## Work to complete
Report how many lines in the data below hold the string "units". Nothing else should appear in the answer.

## Provided records
....
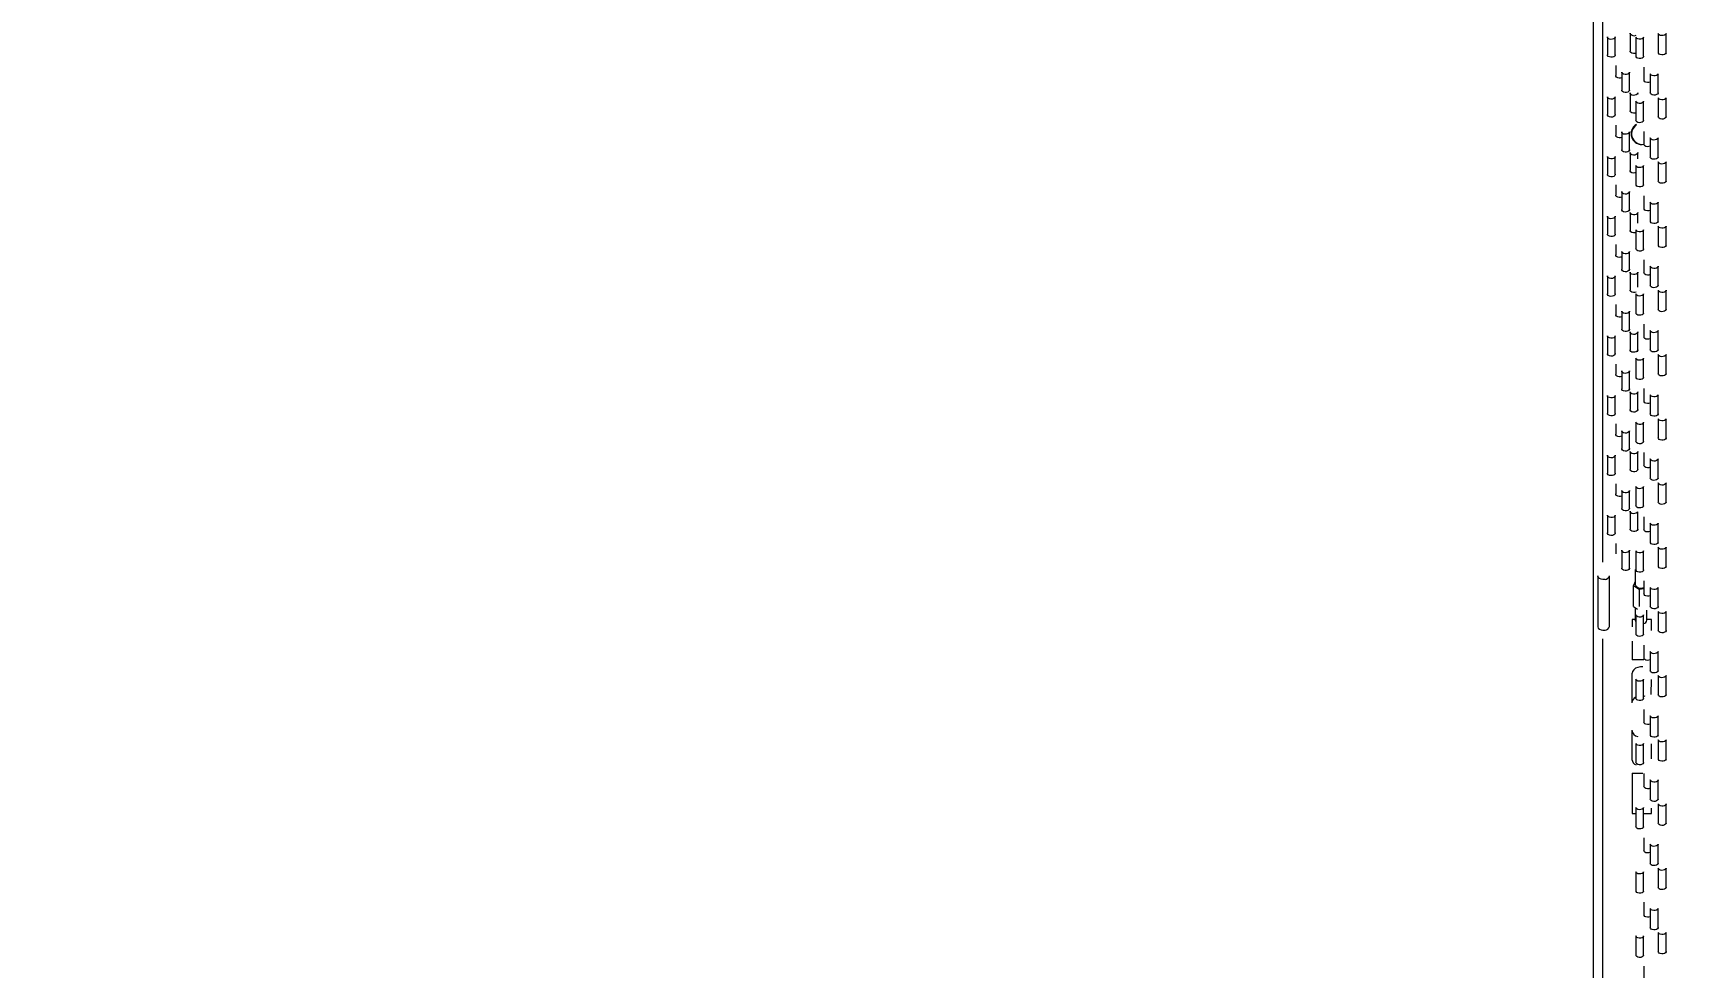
# Model space of a CAD drawing. Header units: millimetres. Extents: x -8045 to 6871, y -5915 to 5473.
# Drawn here: x -1489 to -642, y -915 to -434 of the extents above; entities that cross this region are included whole.
import ezdxf

# ---------------------------------------------------------------- set-up
doc = ezdxf.new("R2010")
doc.units = ezdxf.units.MM
for name, color, linetype in [('DIKOM_ОБЪЕКТ', 7, 'Continuous'), ('DIKOM_РАЗМЕР_ЗОНА', 7, 'Continuous'), ('DIKOM_РАЗМЕР_ОБЪЕКТА', 7, 'Continuous')]:
    doc.layers.add(name, color=color, linetype=linetype)
doc.styles.add('style1', font='arial.ttf', dxfattribs={"width": 0.8})
doc.dimstyles.new('1-50', dxfattribs={"dimtxt": 300, "dimasz": 200, "dimexe": 100, "dimexo": 0, "dimgap": 100, "dimtad": 1, "dimtxsty": 'style1', "dimcen": 200, "dimclrd": 7, "dimclre": 7, "dimclrt": 7, "dimadec": 1, "dimazin": 2, "dimtfac": 1, "dimtmove": 0, "dimatfit": 2, "dimfxl": 0, "dimlwd": 25, "dimlwe": 18, "dimarcsym": 0})

# ---------------------------------------------------------------- blocks, each defined once
blk = doc.blocks.new('*D9')
at = {"layer": 'Defpoints', "color": 0, "linetype": 'Continuous', "transparency": 16777216}
for p in [(5663.54, -234.65), (-5019.6, -1388.73), (5663.54, -4701.47)]:
    blk.add_point(p, dxfattribs=at)
at = {"layer": 'DIKOM_РАЗМЕР_ОБЪЕКТА', "color": 7, "linetype": 'Continuous', "lineweight": 18, "transparency": 16777216}
for p, q in [((5663.54, -234.65), (5663.54, -4801.47)), ((-5019.6, -1388.73), (-5019.6, -4801.47))]:
    blk.add_line(p, q, dxfattribs=at)
at = {"layer": 'DIKOM_РАЗМЕР_ОБЪЕКТА', "color": 7, "linetype": 'Continuous', "lineweight": 25, "transparency": 16777216}
blk.add_line((-4819.6, -4701.47), (5463.54, -4701.47), dxfattribs=at)
at = {"layer": 'DIKOM_РАЗМЕР_ОБЪЕКТА', "color": 7, "linetype": 'Continuous', "transparency": 16777216}
for points in [[(-4819.6, -4668.14), (-4819.6, -4734.8), (-5019.6, -4701.47)], [(5463.54, -4668.14), (5463.54, -4734.8), (5663.54, -4701.47)]]:
    blk.add_solid(points, dxfattribs=at)
at = {"layer": 'DIKOM_РАЗМЕР_ОБЪЕКТА', "color": 7, "linetype": 'Continuous', "lineweight": 15, "transparency": 16777216, "insert": (-74.37, -4448.3), "char_height": 300, "attachment_point": 5, "style": 'style1'}
blk.add_mtext('10700', dxfattribs=at)
blk = doc.blocks.new('*D10')
at = {"layer": 'Defpoints', "color": 0, "linetype": 'Continuous', "transparency": 16777216}
for p in [(-1653.81, 3474.95), (-5616.46, -3083.4), (491.01, -3083.4)]:
    blk.add_point(p, dxfattribs=at)
at = {"layer": 'DIKOM_РАЗМЕР_ОБЪЕКТА', "color": 7, "linetype": 'Continuous', "lineweight": 18, "transparency": 16777216}
for p, q in [((-1653.81, 3474.95), (-5716.46, 3474.95)), ((491.01, -3083.4), (-5716.46, -3083.4))]:
    blk.add_line(p, q, dxfattribs=at)
at = {"layer": 'DIKOM_РАЗМЕР_ОБЪЕКТА', "color": 7, "linetype": 'Continuous', "lineweight": 25, "transparency": 16777216}
blk.add_line((-5616.46, 3274.95), (-5616.46, -2883.4), dxfattribs=at)
at = {"layer": 'DIKOM_РАЗМЕР_ОБЪЕКТА', "color": 7, "linetype": 'Continuous', "transparency": 16777216}
for points in [[(-5649.79, 3274.95), (-5583.12, 3274.95), (-5616.46, 3474.95)], [(-5649.79, -2883.4), (-5583.12, -2883.4), (-5616.46, -3083.4)]]:
    blk.add_solid(points, dxfattribs=at)
at = {"layer": 'DIKOM_РАЗМЕР_ОБЪЕКТА', "color": 7, "linetype": 'Continuous', "lineweight": 15, "transparency": 16777216, "insert": (-5869.63, -1326.86), "char_height": 300, "attachment_point": 5, "rotation": 90, "style": 'style1'}
blk.add_mtext('6550', dxfattribs=at)
blk = doc.blocks.new('*D11')
at = {"layer": 'Defpoints', "color": 0, "transparency": 16777216}
for p in [(6870.85, -184.65), (-7019.6, -1388.73), (-7019.6, -5814.65)]:
    blk.add_point(p, dxfattribs=at)
at = {"layer": 'DIKOM_РАЗМЕР_ЗОНА', "color": 7, "lineweight": 18, "transparency": 16777216}
for p, q in [((6870.85, -184.65), (6870.85, -5914.65)), ((-7019.6, -1388.73), (-7019.6, -5914.65))]:
    blk.add_line(p, q, dxfattribs=at)
at = {"layer": 'DIKOM_РАЗМЕР_ЗОНА', "color": 7, "lineweight": 25, "transparency": 16777216}
blk.add_line((6670.85, -5814.65), (-6819.6, -5814.65), dxfattribs=at)
at = {"layer": 'DIKOM_РАЗМЕР_ЗОНА', "color": 7, "transparency": 16777216}
for points in [[(-6819.6, -5781.31), (-6819.6, -5847.98), (-7019.6, -5814.65)], [(6670.85, -5781.31), (6670.85, -5847.98), (6870.85, -5814.65)]]:
    blk.add_solid(points, dxfattribs=at)
at = {"layer": 'DIKOM_РАЗМЕР_ЗОНА', "color": 7, "transparency": 16777216, "insert": (-74.37, -5561.37), "char_height": 300, "attachment_point": 5, "style": 'style1'}
blk.add_mtext('13900', dxfattribs=at)
blk = doc.blocks.new('*D12')
at = {"layer": 'Defpoints', "color": 0, "transparency": 16777216}
for p in [(-2189.61, 5472.65), (-7595.21, -5084.97), (-495.58, -5084.97)]:
    blk.add_point(p, dxfattribs=at)
at = {"layer": 'DIKOM_РАЗМЕР_ЗОНА', "color": 7, "lineweight": 18, "transparency": 16777216}
for p, q in [((-2189.61, 5472.65), (-7695.21, 5472.65)), ((-495.58, -5084.97), (-7695.21, -5084.97))]:
    blk.add_line(p, q, dxfattribs=at)
at = {"layer": 'DIKOM_РАЗМЕР_ЗОНА', "color": 7, "lineweight": 25, "transparency": 16777216}
blk.add_line((-7595.21, 5272.65), (-7595.21, -4884.97), dxfattribs=at)
at = {"layer": 'DIKOM_РАЗМЕР_ЗОНА', "color": 7, "transparency": 16777216}
for points in [[(-7628.55, 5272.65), (-7561.88, 5272.65), (-7595.21, 5472.65)], [(-7628.55, -4884.97), (-7561.88, -4884.97), (-7595.21, -5084.97)]]:
    blk.add_solid(points, dxfattribs=at)
at = {"layer": 'DIKOM_РАЗМЕР_ЗОНА', "color": 7, "transparency": 16777216, "insert": (-7848.38, -1452.59), "char_height": 300, "attachment_point": 5, "rotation": 90, "style": 'style1'}
blk.add_mtext('10550', dxfattribs=at)

msp = doc.modelspace()

# ---------------------------------------------------------------- linework, layer by layer
at = {"layer": 'DIKOM_ОБЪЕКТ', "color": 7, "linetype": 'Continuous', "lineweight": 15}
for p, q in [((-685.854, -198.252), (-685.854, -1786.157)), ((-680.877, -706.768), (-680.877, -197.374)), ((-678.543, -436.272), (-678.543, -445.502)), ((-674.543, -445.502), (-674.543, -436.272)), ((-666.94, -434.314), (-666.94, -443.545)), ((-666.94, -434.344), (-666.94, -434.314)), ((-666.874, -434.64), (-666.94, -434.344)), ((-663.911, -436.338), (-663.911, -446.255)), ((-659.911, -446.255), (-659.911, -436.338)), ((-652.369, -434.489), (-652.369, -444.406)), ((-652.293, -434.797), (-652.369, -434.509)), ((-648.369, -444.406), (-648.369, -434.489)), ((-678.476, -445.829), (-678.543, -445.502)), ((-674.543, -445.471), (-674.543, -445.502)), ((-663.835, -446.564), (-663.911, -446.255)), ((-674.273, -450.9), (-674.273, -456.201)), ((-671.21, -454.384), (-671.21, -463.615)), ((-667.21, -463.615), (-667.21, -454.384)), ((-659.782, -451.919), (-659.782, -458.611)), ((-656.498, -455.191), (-656.498, -465.109)), ((-652.498, -465.109), (-652.498, -455.191)), ((-666.94, -465.083), (-666.94, -474.314)), ((-666.94, -465.113), (-666.94, -465.083)), ((-666.874, -465.41), (-666.94, -465.113)), ((-662.94, -465.983), (-662.94, -465.083)), ((-656.421, -465.417), (-656.498, -465.109)), ((-678.543, -467.041), (-678.543, -476.272)), ((-674.543, -476.272), (-674.543, -467.041)), ((-663.911, -469.396), (-663.911, -479.313)), ((-659.911, -479.313), (-659.911, -469.396)), ((-652.369, -467.547), (-652.369, -477.464)), ((-652.293, -467.855), (-652.369, -467.567)), ((-648.369, -477.464), (-648.369, -467.547)), ((-678.476, -476.598), (-678.543, -476.272)), ((-674.543, -476.241), (-674.543, -476.272)), ((-674.273, -481.669), (-674.273, -486.971)), ((-663.835, -479.621), (-663.911, -479.313)), ((-671.21, -485.153), (-671.21, -494.384)), ((-667.21, -494.384), (-667.21, -485.153)), ((-659.782, -484.977), (-659.782, -491.668)), ((-656.498, -488.249), (-656.498, -498.167)), ((-652.498, -498.167), (-652.498, -488.249)), ((-678.543, -497.81), (-678.543, -507.041)), ((-674.543, -507.041), (-674.543, -497.81)), ((-666.94, -495.853), (-666.94, -505.083)), ((-666.94, -495.883), (-666.94, -495.853)), ((-666.874, -496.179), (-666.94, -495.883)), ((-662.94, -499.04), (-662.94, -495.853)), ((-656.421, -498.475), (-656.498, -498.167)), ((-678.476, -507.367), (-678.543, -507.041)), ((-674.543, -507.01), (-674.543, -507.041)), ((-663.911, -502.454), (-663.911, -512.371)), ((-659.911, -512.371), (-659.911, -502.454)), ((-652.369, -500.604), (-652.369, -510.522)), ((-652.293, -500.913), (-652.369, -500.625)), ((-648.369, -510.522), (-648.369, -500.604)), ((-674.273, -512.439), (-674.273, -517.74)), ((-671.21, -515.923), (-671.21, -525.153)), ((-667.21, -525.153), (-667.21, -515.923)), ((-663.835, -512.679), (-663.911, -512.371)), ((-659.782, -518.035), (-659.782, -524.726)), ((-656.498, -521.307), (-656.498, -531.224)), ((-652.498, -531.224), (-652.498, -521.307)), ((-678.543, -528.579), (-678.543, -537.81)), ((-674.543, -537.81), (-674.543, -528.579)), ((-666.94, -526.622), (-666.94, -535.853)), ((-666.94, -526.652), (-666.94, -526.622)), ((-666.874, -526.948), (-666.94, -526.652)), ((-662.94, -532.098), (-662.94, -526.622)), ((-656.421, -531.533), (-656.498, -531.224)), ((-652.369, -533.662), (-652.369, -543.58)), ((-652.293, -533.97), (-652.369, -533.683)), ((-648.369, -543.58), (-648.369, -533.662)), ((-678.476, -538.136), (-678.543, -537.81)), ((-674.543, -537.779), (-674.543, -537.81)), ((-663.911, -535.512), (-663.911, -545.429)), ((-659.911, -545.429), (-659.911, -535.512)), ((-674.273, -543.208), (-674.273, -548.509)), ((-671.21, -546.692), (-671.21, -555.923)), ((-667.21, -555.923), (-667.21, -546.692)), ((-663.835, -545.737), (-663.911, -545.429)), ((-678.543, -559.348), (-678.543, -568.579)), ((-674.543, -568.579), (-674.543, -559.348)), ((-666.94, -557.391), (-666.94, -566.622)), ((-666.94, -557.421), (-666.94, -557.391)), ((-666.874, -557.717), (-666.94, -557.421)), ((-662.94, -565.156), (-662.94, -557.391)), ((-659.782, -551.093), (-659.782, -557.784)), ((-656.498, -554.365), (-656.498, -564.282)), ((-652.498, -564.282), (-652.498, -554.365)), ((-656.421, -564.59), (-656.498, -564.282)), ((-652.369, -566.72), (-652.369, -576.637)), ((-652.293, -567.028), (-652.369, -566.741)), ((-648.369, -576.637), (-648.369, -566.72)), ((-678.476, -568.905), (-678.543, -568.579)), ((-674.543, -568.548), (-674.543, -568.579)), ((-674.273, -573.977), (-674.273, -579.278)), ((-663.911, -568.569), (-663.911, -578.487)), ((-659.911, -578.487), (-659.911, -568.569)), ((-671.21, -577.461), (-671.21, -586.692)), ((-667.21, -586.692), (-667.21, -577.461)), ((-663.835, -578.795), (-663.911, -578.487)), ((-659.782, -584.151), (-659.782, -590.842)), ((-678.543, -590.118), (-678.543, -599.348)), ((-674.543, -599.348), (-674.543, -590.118)), ((-666.94, -588.16), (-666.94, -597.391)), ((-666.94, -588.19), (-666.94, -588.16)), ((-666.874, -588.487), (-666.94, -588.19)), ((-662.94, -597.391), (-662.94, -588.16)), ((-656.498, -587.423), (-656.498, -597.34)), ((-652.498, -597.34), (-652.498, -587.423)), ((-678.476, -599.675), (-678.543, -599.348)), ((-674.543, -599.318), (-674.543, -599.348)), ((-663.911, -601.627), (-663.911, -611.545)), ((-663.064, -598.421), (-662.94, -597.391)), ((-659.911, -611.545), (-659.911, -601.627)), ((-656.421, -597.648), (-656.498, -597.34)), ((-652.369, -599.778), (-652.369, -609.695)), ((-652.293, -600.086), (-652.369, -599.799)), ((-648.369, -609.695), (-648.369, -599.778)), ((-674.273, -604.746), (-674.273, -610.048)), ((-671.21, -608.23), (-671.21, -617.461)), ((-667.21, -617.461), (-667.21, -608.23)), ((-663.835, -611.853), (-663.911, -611.545)), ((-659.782, -617.209), (-659.782, -623.9)), ((-678.543, -620.887), (-678.543, -630.118)), ((-674.543, -630.118), (-674.543, -620.887)), ((-666.94, -618.93), (-666.94, -628.16)), ((-666.94, -618.959), (-666.94, -618.93)), ((-666.874, -619.256), (-666.94, -618.959)), ((-662.94, -628.16), (-662.94, -618.93)), ((-656.498, -620.481), (-656.498, -630.398)), ((-652.498, -630.398), (-652.498, -620.481)), ((-678.476, -630.444), (-678.543, -630.118)), ((-674.543, -630.087), (-674.543, -630.118)), ((-674.273, -635.516), (-674.273, -640.817)), ((-663.911, -634.685), (-663.911, -644.602)), ((-659.911, -644.602), (-659.911, -634.685)), ((-656.421, -630.706), (-656.498, -630.398)), ((-652.369, -632.836), (-652.369, -642.753)), ((-652.293, -633.144), (-652.369, -632.857)), ((-648.369, -642.753), (-648.369, -632.836)), ((-671.21, -639), (-671.21, -648.23)), ((-667.21, -648.23), (-667.21, -639)), ((-678.543, -651.656), (-678.543, -660.887)), ((-674.543, -660.887), (-674.543, -651.656)), ((-666.94, -649.699), (-666.94, -658.93)), ((-666.94, -649.729), (-666.94, -649.699)), ((-666.874, -650.025), (-666.94, -649.729)), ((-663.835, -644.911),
....
## Result for this exercise
2